=== Section Start ===
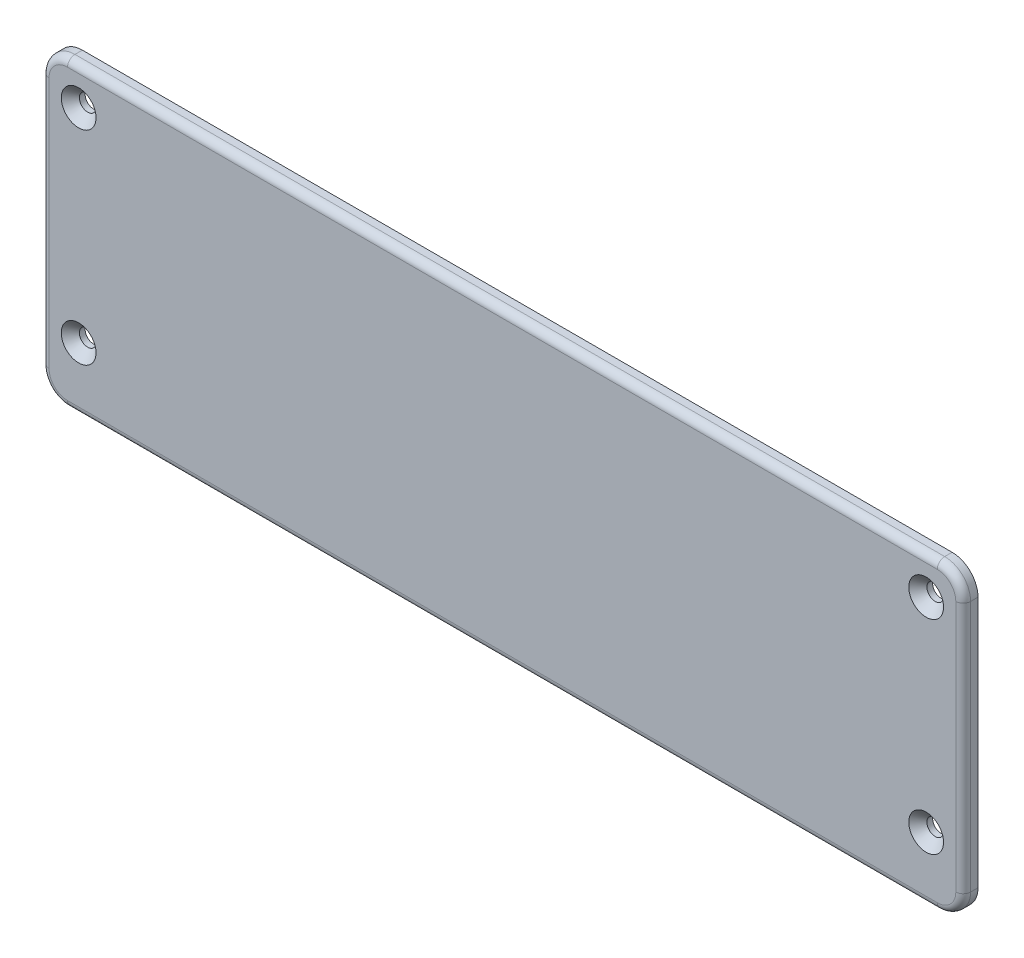
SolidWorks part; units mm, degrees
ref_plane "Plan de face" through (0, 0, 0) normal (0, 0, 1) x (1, 0, 0)
ref_plane "Plan de dessus" through (0, 0, 0) normal (0, 1, 0) x (1, 0, 0)
ref_plane "Plan de droite" through (0, 0, 0) normal (1, 0, 0) x (0, 0, -1)
sketch "Esquisse1" plane through (0, 0, 0) normal (0, 0, 1) x (1, 0, 0)
  line L0 (-124.5, 41) -> (-124.5, -41)
  line L1 (-124.5, -41) -> (124.5, -41)
  line L2 (0, -2.2) -> (0, 2.2) construction
  line L3 (124.5, 41) -> (124.5, -41)
  line L4 (2.2, 0) -> (-2.2, 0) construction
  line L5 (-124.5, 41) -> (124.5, 41)
  dimension "D1" = 82
  dimension "D2" = 249
extrude "Boss.-Extru.1" add sketch "Esquisse1" along normal blind 4
sketch "Esquisse2" plane through (0, 0, 4) normal (0, 0, 1) x (1, 0, 0)
  line L0 (-114.5, 41) -> (-114.5, 31) construction
  line L1 (124.5, 41) -> (-124.5, 41) construction
  line L2 (-114.5, 31) -> (-124.5, 31) construction
  line L3 (-124.5, 41) -> (-124.5, -41) construction
  line L4 (-124.5, -24) -> (-114.5, -24) construction
  line L5 (-114.5, -24) -> (-114.5, -41) construction
  line L6 (-124.5, -41) -> (124.5, -41) construction
  line L8 (0, -2.2) -> (0, 2.2) construction
  point P1 (-114.5, 31)
  point P8 (-114.5, -24)
  point P15 (114.5, -24)
  point P16 (114.5, 31)
  point P19 (-114.5, 31)
  point P22 (-114.5, -24)
  dimension "D1" = 10
  dimension "D2" = 10
  dimension "D3" = 17
hole_wizard "Fraisage pour vis à tête fraisée M42" positions "Esquisse2" profile "Esquisse6" countersink size "M4" standard "Ansi Metric" end condition through all
sketch "Esquisse6" plane through (-114.5, -24, 4) normal (1, 0, 0) x (0, -1, 0)
  line L0 (0, 0) -> (0, 4)
  line L1 (0, 4) -> (2.25, 4)
  line L2 (2.25, 4) -> (2.25, 2.45)
  line L3 (2.25, 2.45) -> (4.7, 0)
  line L5 (4.7, 0) -> (0, 0)
  line L6 (-2.25, 2.45) -> (-4.7, 0) construction
  line L11 (0, -6.35) -> (0, 107.95) construction
  dimension "Diamètre du perçage jusqu'au prochain" = 4.5
  dimension "Profondeur du perçage jusqu'au prochain" = 4
  dimension "Diamètre du fraisage entrant" = 9.4
  dimension "Angle du fraisage entrant" = 90
fillet "Congé1" radius 7 4 edges at (124.5, 41, 2) (124.5, -41, 2) (-124.5, -41, 2) (-124.5, 41, 2)
fillet "Congé2" radius 2 8 edges at (-122.4497, -38.9497, 4) (-124.5, 0, 4) (-122.4497, 38.9497, 4) (0, 41, 4) (122.4497, 38.9497, 4) (124.5, 0, 4) (122.4497, -38.9497, 4) (0, -41, 4)
=== Section End ===
== TASK INSTRUCTIONS ==
Begin at the first line of the listing and print each line exactly. Stop after the line containing "line L4 (2.2, 0) -> (-2.2, 0) construction", and omit all pictures.

== SOLUTION BELOW ==
SolidWorks part; units mm, degrees
ref_plane "Plan de face" through (0, 0, 0) normal (0, 0, 1) x (1, 0, 0)
ref_plane "Plan de dessus" through (0, 0, 0) normal (0, 1, 0) x (1, 0, 0)
ref_plane "Plan de droite" through (0, 0, 0) normal (1, 0, 0) x (0, 0, -1)
sketch "Esquisse1" plane through (0, 0, 0) normal (0, 0, 1) x (1, 0, 0)
  line L0 (-124.5, 41) -> (-124.5, -41)
  line L1 (-124.5, -41) -> (124.5, -41)
  line L2 (0, -2.2) -> (0, 2.2) construction
  line L3 (124.5, 41) -> (124.5, -41)
  line L4 (2.2, 0) -> (-2.2, 0) construction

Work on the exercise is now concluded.